Start of Task data

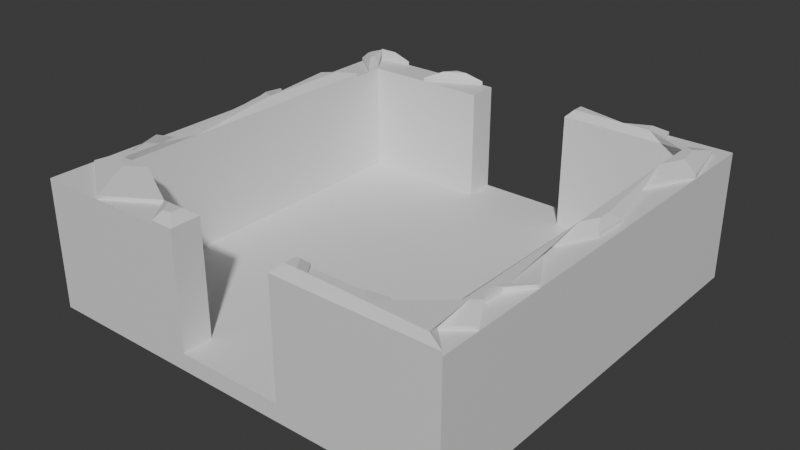 # Source: room.blend  (saved by Blender 4.4.32; exported with 4.5.12 LTS)
import bpy
from mathutils import Matrix  # noqa: F401  (used for matrix-valued properties, if any)

bpy.ops.wm.read_factory_settings(use_empty=True)
scene = bpy.context.scene
scene.name = 'Scene'

# ---- collections
col_collection = bpy.data.collections.new('Collection'); scene.collection.children.link(col_collection)

# ---- materials (node trees are filled in below, after node groups)
mat_material = bpy.data.materials.new('Material')
mat_material.alpha_threshold = 0.0
mat_material.roughness = 0.5
mat_material.line_color = (0.0, 0.0, 0.0, 1.0)

# ---- material node trees
mat_material.use_nodes = True; mat_material.node_tree.nodes.clear()
_N = mat_material.node_tree.nodes; _L = mat_material.node_tree.links
n0 = _N.new('ShaderNodeOutputMaterial'); n0.name = 'Material Output'; n0.location = (300, 300)
n1 = _N.new('ShaderNodeBsdfPrincipled'); n1.name = 'Principled BSDF'; n1.location = (10, 300)
n1.inputs[3].default_value = 1.45
_L.new(n1.outputs[0], n0.inputs[0])
n0.is_active_output = True

# ---- world
world_world = bpy.data.worlds.new('World'); scene.world = world_world
world_world.use_nodes = True; world_world.node_tree.nodes.clear()
_N = world_world.node_tree.nodes; _L = world_world.node_tree.links
n0 = _N.new('ShaderNodeOutputWorld'); n0.name = 'World Output'; n0.location = (300, 300)
n1 = _N.new('ShaderNodeBackground'); n1.name = 'Background'; n1.location = (10, 300)
n1.inputs[0].default_value = (0.05088, 0.05088, 0.05088, 1.0)
_L.new(n1.outputs[0], n0.inputs[0])
n0.is_active_output = True
world_world.color = (0.05088, 0.05088, 0.05088)
world_world.sun_shadow_jitter_overblur = 0.0

# ---- meshes
me_cube = bpy.data.meshes.new('Cube')
me_cube.from_pydata([(1.0, 1.0, 0.5306), (1.0, 1.0, -1.0), (0.8584, 0.8584, -0.796), (1.0, -1.0, 0.5306), (1.0, -1.0, -1.0), (0.8584, -0.8584, -0.796), (-1.0, 1.0, 0.5306), (-1.0, 1.0, -1.0), (-0.8584, 0.8584, -0.796), (-1.0, -1.0, 0.5306), (-1.0, -1.0, -1.0), (-0.8584, -0.8584, -0.796), (-0.8584, -0.8584, 0.5306), (0.8584, 0.8584, 0.5306), (-0.8584, 0.8584, 0.5306), (0.8584, -0.8584, 0.5306), (-0.2532, -1.0, 0.5306), (0.2532, -1.0, 0.5306), (0.2532, -0.8584, 0.5306), (-0.2532, -0.8584, 0.5306), (0.2532, 1.0, 0.5306), (-0.2532, 1.0, 0.5306), (-0.2532, 0.8584, 0.5306), (0.2532, 0.8584, 0.5306), (-0.2532, -1.0, -0.796), (0.2532, -1.0, -0.796), (-0.2532, 1.0, -0.796), (0.2532, 1.0, -0.796), (-0.2532, -0.8584, -0.796), (0.2532, -0.8584, -0.796), (-0.2532, 0.8584, -0.796), (0.2532, 0.8584, -0.796), (0.6747, -0.8584, 0.5306), (0.3156, -0.8584, 0.5306), (-1.0, 0.9756, 0.5306), (-1.0, 0.8935, 0.5306), (-1.0, 0.561, 0.5306), (-1.0, 0.3019, 0.5306), (-1.0, -0.4581, 0.5306), (-0.774, 1.0, 0.5306), (-0.4476, 1.0, 0.5306), (-0.3083, 1.0, 0.5306), (0.897, -0.897, 0.5306), (-0.6924, -1.0, 0.5306), (-0.3608, -1.0, 0.5306), (-0.5615, 0.8584, 0.5306), (0.8584, 0.3701, 0.5306), (0.8584, -0.2325, 0.5306), (1.0, 0.6542, 0.5306), (1.0, -0.4727, 0.5306), (1.0, -0.8133, 0.5306), (-0.462, -0.8584, 0.5306), (-0.4591, -0.8584, 0.5306), (0.701, 1.0, 0.5306), (0.7705, -1.0, 0.5306), (0.4093, -1.0, 0.5306), (-0.8584, -0.3405, 0.5306), (-0.8584, 0.2477, 0.5306), (-0.8584, 0.6963, 0.5306), (-0.8584, 0.7834, 0.5306), (-0.8584, 0.8584, 0.2255), (-0.978, 0.978, 0.5306), (0.7359, 0.8584, 0.5306), (0.4052, 0.8584, 0.5306), (-0.9773, -0.7997, 0.5306), (-0.9308, -0.673, 0.5306), (-0.9167, -0.4202, 0.5306), (-0.8966, -0.1446, 0.5306), (-0.9251, -0.01047, 0.5306), (-0.9523, 0.1518, 0.5306), (-0.9572, 0.2737, 0.5306), (0.5012, -0.9336, 0.5306), (0.939, 0.9317, 0.5306), (0.9678, 0.1185, 0.5306), (0.962, -0.03319, 0.5306), (0.9199, -0.572, 0.5306), (0.9119, -0.7531, 0.5306), (-0.8584, 0.7834, 0.5742), (-0.8584, 0.8584, 0.5742), (-0.978, 0.978, 0.5742), (-0.3608, -1.0, 0.5742), (-0.2532, -1.0, 0.5742), (-0.2532, -0.8584, 0.5742), (-0.4591, -0.8584, 0.5742), (0.4093, -1.0, 0.5742), (0.2532, -1.0, 0.5742), (0.897, -0.897, 0.5742), (0.8584, -0.8584, 0.5742), (0.3156, -0.8584, 0.5742), (0.2532, -0.8584, 0.5742), (0.8584, -0.2325, 0.5742), (0.2532, 1.0, 0.5742), (0.2532, 0.8584, 0.5742), (0.4052, 0.8584, 0.5742), (-1.0, 0.9756, 0.5742), (-1.0, 0.8935, 0.5742), (-1.0, 1.0, 0.5742), (-0.774, 1.0, 0.5742), (-0.4476, 1.0, 0.5742), (-0.3083, 1.0, 0.5742), (1.0, -1.0, 0.5742), (0.8584, 0.8584, 0.5742), (0.8584, 0.3701, 0.5742), (-0.8584, -0.8584, 0.5742), (-0.462, -0.8584, 0.5742), (0.7705, -1.0, 0.5742), (-0.8584, -0.3405, 0.5742), (-0.8584, 0.2477, 0.5742), (-0.8584, 0.6963, 0.5742), (0.7359, 0.8584, 0.5742), (-0.6924, -1.0, 0.5742), (-0.9773, -0.7997, 0.5742), (-0.9308, -0.673, 0.5742), (-1.0, -0.4581, 0.5742), (-0.9167, -0.4202, 0.5742), (-0.8966, -0.1446, 0.5742), (-0.9251, -0.01047, 0.5742), (-0.9523, 0.1518, 0.5742), (-1.0, 0.3019, 0.5742), (-0.9572, 0.2737, 0.5742), (-1.0, 0.561, 0.5742), (0.6747, -0.8584, 0.5742), (0.5012, -0.9336, 0.5742), (0.701, 1.0, 0.5742), (0.939, 0.9317, 0.5742), (1.0, 0.6542, 0.5742), (0.9678, 0.1185, 0.5742), (0.962, -0.03319, 0.5742), (1.0, -0.4727, 0.5742), (0.9199, -0.572, 0.5742), (0.9119, -0.7531, 0.5742), (1.0, -0.8133, 0.5742), (-0.5615, 0.8584, 0.5742), (-0.9079, 0.8537, 0.6581), (-0.9079, 0.8826, 0.6581), (-0.9407, 0.987, 0.6581), (-0.3428, -0.9565, 0.6581), (-0.3014, -0.9565, 0.6581), (-0.3014, -0.9019, 0.6581), (-0.3808, -0.9019, 0.6581), (0.3469, -0.9565, 0.6581), (0.2868, -0.9565, 0.6581), (0.9116, -0.7495, 0.6581), (0.8967, -0.7346, 0.6581), (0.3108, -0.9019, 0.6581), (0.2868, -0.9019, 0.6581), (0.8911, -0.05537, 0.6581), (0.2844, 0.942, 0.6581), (0.2844, 0.8874, 0.6581), (0.5336, 0.8874, 0.6581), (-0.9625, 0.9278, 0.6581), (-0.9625, 0.8961, 0.6581), (-0.9492, 0.9955, 0.6581), (-0.8621, 0.9955, 0.6581), (-0.4424, 0.971, 0.6581), (-0.3887, 0.971, 0.6581), (0.9319, -0.9789, 0.6581), (0.8706, 0.7823, 0.6581), (0.8706, 0.5941, 0.6581), (-0.8452, -0.7463, 0.6581), (-0.6925, -0.7463, 0.6581), (0.6589, -0.968, 0.6581), (-0.8452, -0.5467, 0.6581), (-0.897, 0.1376, 0.6581), (-0.8874, 0.5767, 0.6581), (0.661, 0.8874, 0.6581), (-0.7813, -0.8009, 0.6581), (-0.8911, -0.7237, 0.6581), (-0.8732, -0.6748, 0.6581), (-0.8998, -0.592, 0.6581), (-0.8677, -0.5774, 0.6581), (-0.9117, -0.01363, 0.6581), (-0.9227, 0.03807, 0.6581), (-0.9331, 0.1006, 0.6581), (-0.9515, 0.1585, 0.6581), (-0.9351, 0.1476, 0.6581), (-0.942, 0.5245, 0.6581), (0.622, -0.9135, 0.6581), (0.5551, -0.9425, 0.6581), (0.6475, 0.942, 0.6581), (0.9017, 0.8105, 0.6581), (0.9252, 0.7036, 0.6581), (0.9333, 0.07991, 0.6581), (0.9311, 0.02145, 0.6581), (0.9513, -0.586, 0.6581), (0.9204, -0.6242, 0.6581), (0.9174, -0.694, 0.6581), (0.9513, -0.7172, 0.6581), (-0.4863, 0.9164, 0.6581)], [], [(46, 47, 90, 102), (69, 68, 116, 117), (76, 75, 129, 130), (13, 46, 102, 101), (9, 10, 4, 3, 54, 55, 17, 25, 24, 16, 44, 43), (10, 9, 38, 37, 36, 35, 34, 6, 7), (7, 1, 4, 10), (1, 0, 48, 49, 50, 3, 4), (0, 1, 7, 6, 39, 40, 41, 21, 26, 27, 20, 53), (28, 11, 12, 51, 52, 19), (18, 33, 32, 15, 5, 29), (12, 11, 8, 60, 58, 57, 56), (5, 2, 31, 29), (8, 11, 28, 30), (2, 5, 15, 47, 46, 13), (31, 2, 13, 62, 63, 23), (22, 45, 14, 60, 8, 30), (19, 16, 24, 26, 21, 22, 30, 28), (26, 24, 25, 27), (27, 25, 17, 18, 29, 31, 23, 20), (85, 84, 140, 141), (59, 35, 36, 58), (68, 67, 115, 116), (75, 49, 128, 129), (67, 56, 106, 115), (51, 43, 44, 52), (49, 47, 90, 128), (43, 64, 65, 38, 9), (38, 66, 56, 67, 68, 69, 37), (37, 70, 57, 36), (34, 61, 6), (54, 42, 15, 32), (32, 33, 55, 71), (47, 15, 87, 90), (56, 66, 114, 106), (58, 60, 59), (59, 60, 14), (47, 49, 48, 46, 73, 74), (47, 74, 127, 90), (18, 17, 85, 89), (62, 72, 48, 0, 53), (53, 20, 63), (66, 38, 113, 114), (74, 73, 126, 127), (49, 75, 76, 50), (50, 42, 3), (39, 61, 14, 45, 40), (33, 18, 89, 88), (41, 45, 22, 21), (113, 112, 168, 169), (90, 127, 183, 146), (82, 83, 139, 138), (112, 111, 167, 168), (127, 126, 182, 183), (81, 82, 138, 137), (111, 110, 166, 167), (126, 102, 158, 182), (80, 81, 137, 136), (110, 104, 160, 166), (102, 125, 181, 158), (78, 79, 135, 134), (83, 80, 136, 139), (125, 124, 180, 181), (20, 23, 92, 91), (50, 76, 130, 131), (37, 69, 117, 118), (23, 63, 93, 92), (42, 50, 131, 86), (70, 37, 118, 119), (61, 39, 97, 79), (57, 70, 119, 107), (40, 45, 132, 98), (36, 57, 107, 120), (51, 12, 103, 104), (45, 41, 99, 132), (58, 36, 120, 108), (35, 59, 77, 95), (61, 34, 94, 79), (54, 3, 100, 105), (42, 54, 105, 86), (55, 54, 105, 84), (54, 32, 121, 105), (12, 56, 106, 103), (32, 71, 122, 121), (56, 57, 107, 106), (71, 55, 84, 122), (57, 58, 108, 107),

End of Task data

• About this exercise: Could you set down, exactly as written, every line from the start of the records above through the line containing "scene = bpy.context.scene", leaving the pictures out?

• Response area:
 # Source: room.blend  (saved by Blender 4.4.32; exported with 4.5.12 LTS)
import bpy
from mathutils import Matrix  # noqa: F401  (used for matrix-valued properties, if any)

bpy.ops.wm.read_factory_settings(use_empty=True)
scene = bpy.context.scene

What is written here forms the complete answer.